O último dia de Casa de Criadores começa em tom emocional e particular. No backstage, Karin Feller contou para a ELLE que esta é uma de suas primeiras experimentações em moda que parte de uma inspiração absolutamente calcada em experiências pessoais. “Eu sou de Israel, vivi lá até os nove anos de idade. Nessa ponte, percebo que existe uma diferença grande do pôr-do-sol daqui e do pôr-do-sol de lá. É olhando para o céu que eu me lembro onde estou”, disse. Esse cenário da natureza é que empresta as cores para as aquarelas da estilista que, tradicionalmente, tornam-se estampas em suas coleções. A delicadeza de suas pinturas casa perfeitamente com as modelagens que, mesmo se leves e soltinhas, são super complexas. Destaque também para o bordado que aparece pontual, mas certeiro. Nada de desvios óbvios para o “brilho pelo brilho”, aqui, o efeito é o de colorir, redesenhar e decorar detalhes da roupa que dão um acabamento incrível para as peças idealizadas por Karin. Sem dúvida, uma de suas melhores investidas à frente da DiGaspi.

Fernando Cozendey

“Essa coleção é a primeira de uma trilogia”, explica o carioca Fernando Cozendey. “Ela se chama ‘Perfeita’ e a minha ideia é que ela fale sobre a vida adulta.
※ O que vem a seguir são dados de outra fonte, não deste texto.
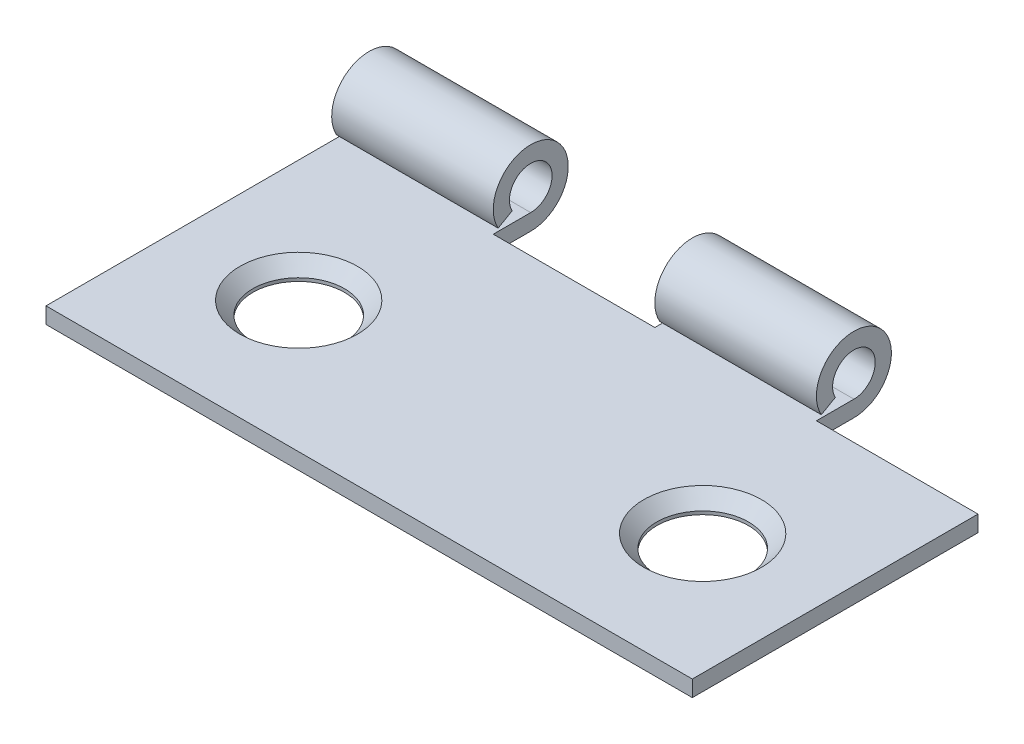
SolidWorks part; units mm, degrees
ref_plane "Front Plane" through (0, 0, 0) normal (0, 0, 1) x (1, 0, 0)
ref_plane "Top Plane" through (0, 0, 0) normal (0, 1, 0) x (1, 0, 0)
ref_plane "Right Plane" through (0, 0, 0) normal (1, 0, 0) x (0, 0, -1)
sketch "Sketch1" plane through (0, 0, 0) normal (0, 1, 0) x (1, 0, 0)
  line L0 (-12.7, 0) -> (12.7, 0) construction
  line L1 (-12.7, -12.7) -> (-12.7, 12.7) construction
  line L2 (-12.7, -12.7) -> (-7.9248, -12.7) construction
  line L4 (-7.9248, -12.7) -> (7.9502, -12.7) construction
  line L5 (12.7254, -12.7) -> (12.7254, -7.5438) construction
  line L6 (7.9502, -12.7) -> (12.7254, -12.7) construction
  line L7 (-12.7, 12.7) -> (-7.9248, 12.7) construction
  line L8 (-7.9248, 12.7) -> (7.9502, 12.7) construction
  line L9 (7.9502, 12.7) -> (23.8252, 12.7) construction
  line L10 (23.8252, 12.7) -> (28.6004, 12.7) construction
  line L11 (7.9502, -9.8552) -> (7.9502, -5.2324) construction
  line L12 (7.9502, -7.5438) -> (12.7254, -7.5438) construction
  point P3 (7.9502, -9.3472)
  point P4 (0, 0)
  point P8 (-12.7, 0)
  point P17 (-6.35, 0)
  point P21 (7.9502, -7.5438)
  dimension "Frame Leaf Height" = 25.4
  dimension "Overall Width" = 25.4
  dimension "Hole to End 1" = 4.7752
  dimension "Hole to End 2" = 4.7752
  dimension "D1" = 4.7752
  dimension "D2" = 4.7752
  dimension "D4" = 15.875
  dimension "D6" = 15.875
  dimension "Knuckle Length" = 6.35
  dimension "Hole Chamfer Dia" = 4.6228
  dimension "Hole Center to Pin" = 7.5438
  dimension "Door Leaf Height" = 25.4254
  dimension "Mounting Hole Diameter" = 3.6068
  dimension "D3" = 15.875
  dimension "Frame Leaf Width" = 12.7
  dimension "Door Leaf Width" = 12.7
sketch "Sketch2" plane through (0, 0, 0) normal (1, 0, 0) x (0, 0, -1)
  line L2 (0, -1.4732) -> (0, -0.8382) construction
  line L4 (0, 0.8382) -> (0, -0.8382) construction
  point P8 (0, 0)
  dimension "Leaf Thickness" = 0.635
  dimension "Pin Diameter" = 1.6764
sketch "Sketch3" plane through (0, 0, 0) normal (1, 0, 0) x (0, 0, -1)
  line L3 (0, 0) -> (-1.4732, -0.8382) construction
  line L4 (0, -1.4732) -> (-12.7, -1.4732)
  line L5 (-12.7, -1.4732) -> (-12.7, -0.8382)
  line L7 (-12.7, -0.8382) -> (0, -0.8382)
  line L8 (-12.7, 0) -> (12.7, 0) construction
  line L9 (-0.7285, -0.4145) -> (-1.2805, -0.7285)
  line L11 (-1.4732, 0) -> (-1.4732, -0.8382) construction
  circle A4 centre (0, 0) radius 0.8382 construction
  circle A5 centre (0, 0) radius 1.4732 construction
  arc A8 (-0.7285, -0.4145) -> (0, -0.8382) centre (0, 0) cw
  arc A9 (-1.2805, -0.7285) -> (0, -1.4732) centre (0, 0) cw
  point P0 (-1.2805, -0.7285)
  point P13 (-0.7285, -0.4145)
extrude "Boss-Extrude1" add sketch "Sketch3" along normal mid plane 25.4
sketch "Sketch4" plane through (0, 0, 0) normal (0, 1, 0) x (1, 0, 0)
  line L0 (-12.7, -1.4732) -> (12.7, -1.4732) construction
  line L1 (-12.7, -1.4732) -> (12.7, -1.4732) construction
  line L2 (12.7, 1.4732) -> (-12.7, 1.4732) construction
  line L3 (12.7, 1.4732) -> (-12.7, 1.4732) construction
  line L4 (-6.35, -1.4732) -> (-6.35, 1.4732)
  line L6 (-6.35, 1.4732) -> (0, 1.4732)
  line L7 (0, -1.4732) -> (-6.35, -1.4732)
  line L8 (0, 1.4732) -> (0, -1.4732)
  point P8 (-6.35, 0)
  dimension "D1" = 6.35
extrude "Cut-Extrude1" cut sketch "Sketch4" against normal through all both and the other way through all
pattern_linear "LPattern1" count 6 spacing 12.7 along (1, 0, 0) of "Cut-Extrude1"
sketch "Sketch5" plane through (0, -0.8382, 0) normal (0, 1, 0) x (1, 0, 0)
  line L0 (7.9502, -7.5438) -> (-7.9248, -7.5438) construction
  line L1 (0, -7.5438) -> (0, -12.7) construction
  line L2 (-7.9248, -7.5438) -> (-7.9248, -12.7) construction
  line L3 (12.7, -12.7) -> (-12.7, -12.7) construction
  circle A0 centre (7.9502, -7.5438) radius 2.3114
  circle A2 centre (-7.9248, -7.5438) radius 2.3114
extrude "Cut-Extrude2" cut sketch "Sketch5" against normal through all draft 45
sketch "Sketch9" plane through (0, 0, 0) normal (0, 1, 0) x (1, 0, 0)
  circle A0 centre (7.9502, -7.5438) radius 1.8034
  circle A2 centre (-7.9248, -7.5438) radius 1.8034
  dimension "D1" = 3.6068
extrude "Cut-Extrude3" cut sketch "Sketch9" against normal through all both and the other way through all
equation "\"Hole Chamfer Dia@Sketch1\"=\"Mounting Hole Diameter@Sketch1\"+.04"
equation "\"D1@Sketch9\"=\"Mounting Hole Diameter@Sketch1\""
equation "\"Hole to End 2@Sketch1\"=\"Hole to End 1@Sketch1\""
equation "\"Knuckle Length@Sketch1\"=\"Frame Leaf Height@Sketch1\" / 4"
equation "\"D3@Sketch7\"=\"Leaf Thickness@Sketch2\""
equation "\"D2@Sketch7\"=\"Overall Width@Sketch1\""
equation "\"D1@Sketch7\"=\"Pin Diameter@Sketch2\""
equation "\"D1@Boss-Extrude2\" = \"Frame Leaf Height@Sketch1\""
equation "\"D1@Sketch6\"=\"Pin Diameter@Sketch2\""
equation "\"D3@LPattern1\"=\"Knuckle Length@Sketch1\"*2"
equation "\"D1@Sketch4\"=\"Knuckle Length@Sketch1\""
equation "\"D1@Boss-Extrude1\" = \"Frame Leaf Height@Sketch1\""
equation "\"D6@Sketch1\"=\"D4@Sketch1\""
equation "\"D2@Sketch1\"=\"Hole to End 2@Sketch1\""
equation "\"D1@Sketch1\"=\"Hole to End 1@Sketch1\""

Depois, vou fazer outra sobre adolescência e infância.” A maturidade que o estilista conhecido por suas roupas elásticas sempre coladas ao corpo projeta em suas novas peças é aquela de entender que, independente de como anda a vida dos outros, é preciso encarar a “perfeição” de nossas alegrias, nossas tristezas, nossas falhas. “Ainda mais hoje em dia, com as redes sociais, ficamos completamente viciados em nos comparar com as outras pessoas. Achamos que todo mundo é mais sarado, mais rico, mais bonito, mais bem-sucedido, mais tudo do que nós. No fim das contas, essa busca cansa e não tem o menor valor”, diz.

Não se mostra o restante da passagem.